Brief
Each record below must be returned exactly, with no line left out.

==== Recorded data ====

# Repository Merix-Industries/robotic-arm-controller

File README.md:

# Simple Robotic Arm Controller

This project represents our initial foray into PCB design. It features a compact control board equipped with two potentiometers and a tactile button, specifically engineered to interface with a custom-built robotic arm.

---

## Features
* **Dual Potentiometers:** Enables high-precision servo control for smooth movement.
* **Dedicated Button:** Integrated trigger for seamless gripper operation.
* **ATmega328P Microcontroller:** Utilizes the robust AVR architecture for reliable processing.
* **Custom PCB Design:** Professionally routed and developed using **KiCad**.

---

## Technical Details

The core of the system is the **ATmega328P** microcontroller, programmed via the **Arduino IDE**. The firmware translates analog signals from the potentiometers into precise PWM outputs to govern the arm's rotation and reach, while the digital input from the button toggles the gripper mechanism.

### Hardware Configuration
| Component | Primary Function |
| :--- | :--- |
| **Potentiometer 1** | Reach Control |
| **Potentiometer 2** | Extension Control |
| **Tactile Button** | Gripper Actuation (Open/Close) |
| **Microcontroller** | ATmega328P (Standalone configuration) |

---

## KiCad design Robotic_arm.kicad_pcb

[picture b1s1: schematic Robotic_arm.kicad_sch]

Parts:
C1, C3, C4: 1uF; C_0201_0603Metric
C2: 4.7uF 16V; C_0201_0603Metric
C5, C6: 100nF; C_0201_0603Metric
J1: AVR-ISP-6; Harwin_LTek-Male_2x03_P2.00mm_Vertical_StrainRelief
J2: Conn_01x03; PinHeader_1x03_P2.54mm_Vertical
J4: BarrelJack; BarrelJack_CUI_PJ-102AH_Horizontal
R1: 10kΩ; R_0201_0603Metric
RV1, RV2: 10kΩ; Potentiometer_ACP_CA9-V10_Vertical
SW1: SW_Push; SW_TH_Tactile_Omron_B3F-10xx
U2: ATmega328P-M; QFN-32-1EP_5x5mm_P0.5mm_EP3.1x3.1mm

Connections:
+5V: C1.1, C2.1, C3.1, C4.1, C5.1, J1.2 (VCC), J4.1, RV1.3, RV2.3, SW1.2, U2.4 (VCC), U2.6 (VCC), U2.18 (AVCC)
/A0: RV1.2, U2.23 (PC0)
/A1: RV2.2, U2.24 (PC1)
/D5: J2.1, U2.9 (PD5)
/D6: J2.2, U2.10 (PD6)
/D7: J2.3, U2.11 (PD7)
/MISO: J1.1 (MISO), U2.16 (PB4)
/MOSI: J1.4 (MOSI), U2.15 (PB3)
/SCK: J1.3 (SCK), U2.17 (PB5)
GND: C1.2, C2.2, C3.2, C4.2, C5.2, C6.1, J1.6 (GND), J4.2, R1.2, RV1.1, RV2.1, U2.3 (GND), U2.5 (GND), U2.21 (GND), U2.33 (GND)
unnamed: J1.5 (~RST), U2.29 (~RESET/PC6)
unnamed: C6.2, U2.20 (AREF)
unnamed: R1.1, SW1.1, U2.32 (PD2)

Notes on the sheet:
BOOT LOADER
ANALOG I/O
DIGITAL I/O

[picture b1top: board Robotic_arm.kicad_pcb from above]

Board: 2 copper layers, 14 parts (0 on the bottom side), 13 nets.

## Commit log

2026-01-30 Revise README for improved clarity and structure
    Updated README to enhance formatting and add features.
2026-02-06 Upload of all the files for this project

====

Exercise output
# Repository Merix-Industries/robotic-arm-controller

File README.md:

# Simple Robotic Arm Controller

This project represents our initial foray into PCB design. It features a compact control board equipped with two potentiometers and a tactile button, specifically engineered to interface with a custom-built robotic arm.

---

## Features
* **Dual Potentiometers:** Enables high-precision servo control for smooth movement.
* **Dedicated Button:** Integrated trigger for seamless gripper operation.
* **ATmega328P Microcontroller:** Utilizes the robust AVR architecture for reliable processing.
* **Custom PCB Design:** Professionally routed and developed using **KiCad**.

---

## Technical Details

The core of the system is the **ATmega328P** microcontroller, programmed via the **Arduino IDE**. The firmware translates analog signals from the potentiometers into precise PWM outputs to govern the arm's rotation and reach, while the digital input from the button toggles the gripper mechanism.

### Hardware Configuration
| Component | Primary Function |
| :--- | :--- |
| **Potentiometer 1** | Reach Control |
| **Potentiometer 2** | Extension Control |
| **Tactile Button** | Gripper Actuation (Open/Close) |
| **Microcontroller** | ATmega328P (Standalone configuration) |

---

## KiCad design Robotic_arm.kicad_pcb

[picture b1s1: schematic Robotic_arm.kicad_sch]

Parts:
C1, C3, C4: 1uF; C_0201_0603Metric
C2: 4.7uF 16V; C_0201_0603Metric
C5, C6: 100nF; C_0201_0603Metric
J1: AVR-ISP-6; Harwin_LTek-Male_2x03_P2.00mm_Vertical_StrainRelief
J2: Conn_01x03; PinHeader_1x03_P2.54mm_Vertical
J4: BarrelJack; BarrelJack_CUI_PJ-102AH_Horizontal
R1: 10kΩ; R_0201_0603Metric
RV1, RV2: 10kΩ; Potentiometer_ACP_CA9-V10_Vertical
SW1: SW_Push; SW_TH_Tactile_Omron_B3F-10xx
U2: ATmega328P-M; QFN-32-1EP_5x5mm_P0.5mm_EP3.1x3.1mm

Connections:
+5V: C1.1, C2.1, C3.1, C4.1, C5.1, J1.2 (VCC), J4.1, RV1.3, RV2.3, SW1.2, U2.4 (VCC), U2.6 (VCC), U2.18 (AVCC)
/A0: RV1.2, U2.23 (PC0)
/A1: RV2.2, U2.24 (PC1)
/D5: J2.1, U2.9 (PD5)
/D6: J2.2, U2.10 (PD6)
/D7: J2.3, U2.11 (PD7)
/MISO: J1.1 (MISO), U2.16 (PB4)
/MOSI: J1.4 (MOSI), U2.15 (PB3)
/SCK: J1.3 (SCK), U2.17 (PB5)
GND: C1.2, C2.2, C3.2, C4.2, C5.2, C6.1, J1.6 (GND), J4.2, R1.2, RV1.1, RV2.1, U2.3 (GND), U2.5 (GND), U2.21 (GND), U2.33 (GND)
unnamed: J1.5 (~RST), U2.29 (~RESET/PC6)
unnamed: C6.2, U2.20 (AREF)
unnamed: R1.1, SW1.1, U2.32 (PD2)

Notes on the sheet:
BOOT LOADER
ANALOG I/O
DIGITAL I/O

[picture b1top: board Robotic_arm.kicad_pcb from above]

Board: 2 copper layers, 14 parts (0 on the bottom side), 13 nets.

## Commit log

2026-01-30 Revise README for improved clarity and structure
    Updated README to enhance formatting and add features.
2026-02-06 Upload of all the files for this project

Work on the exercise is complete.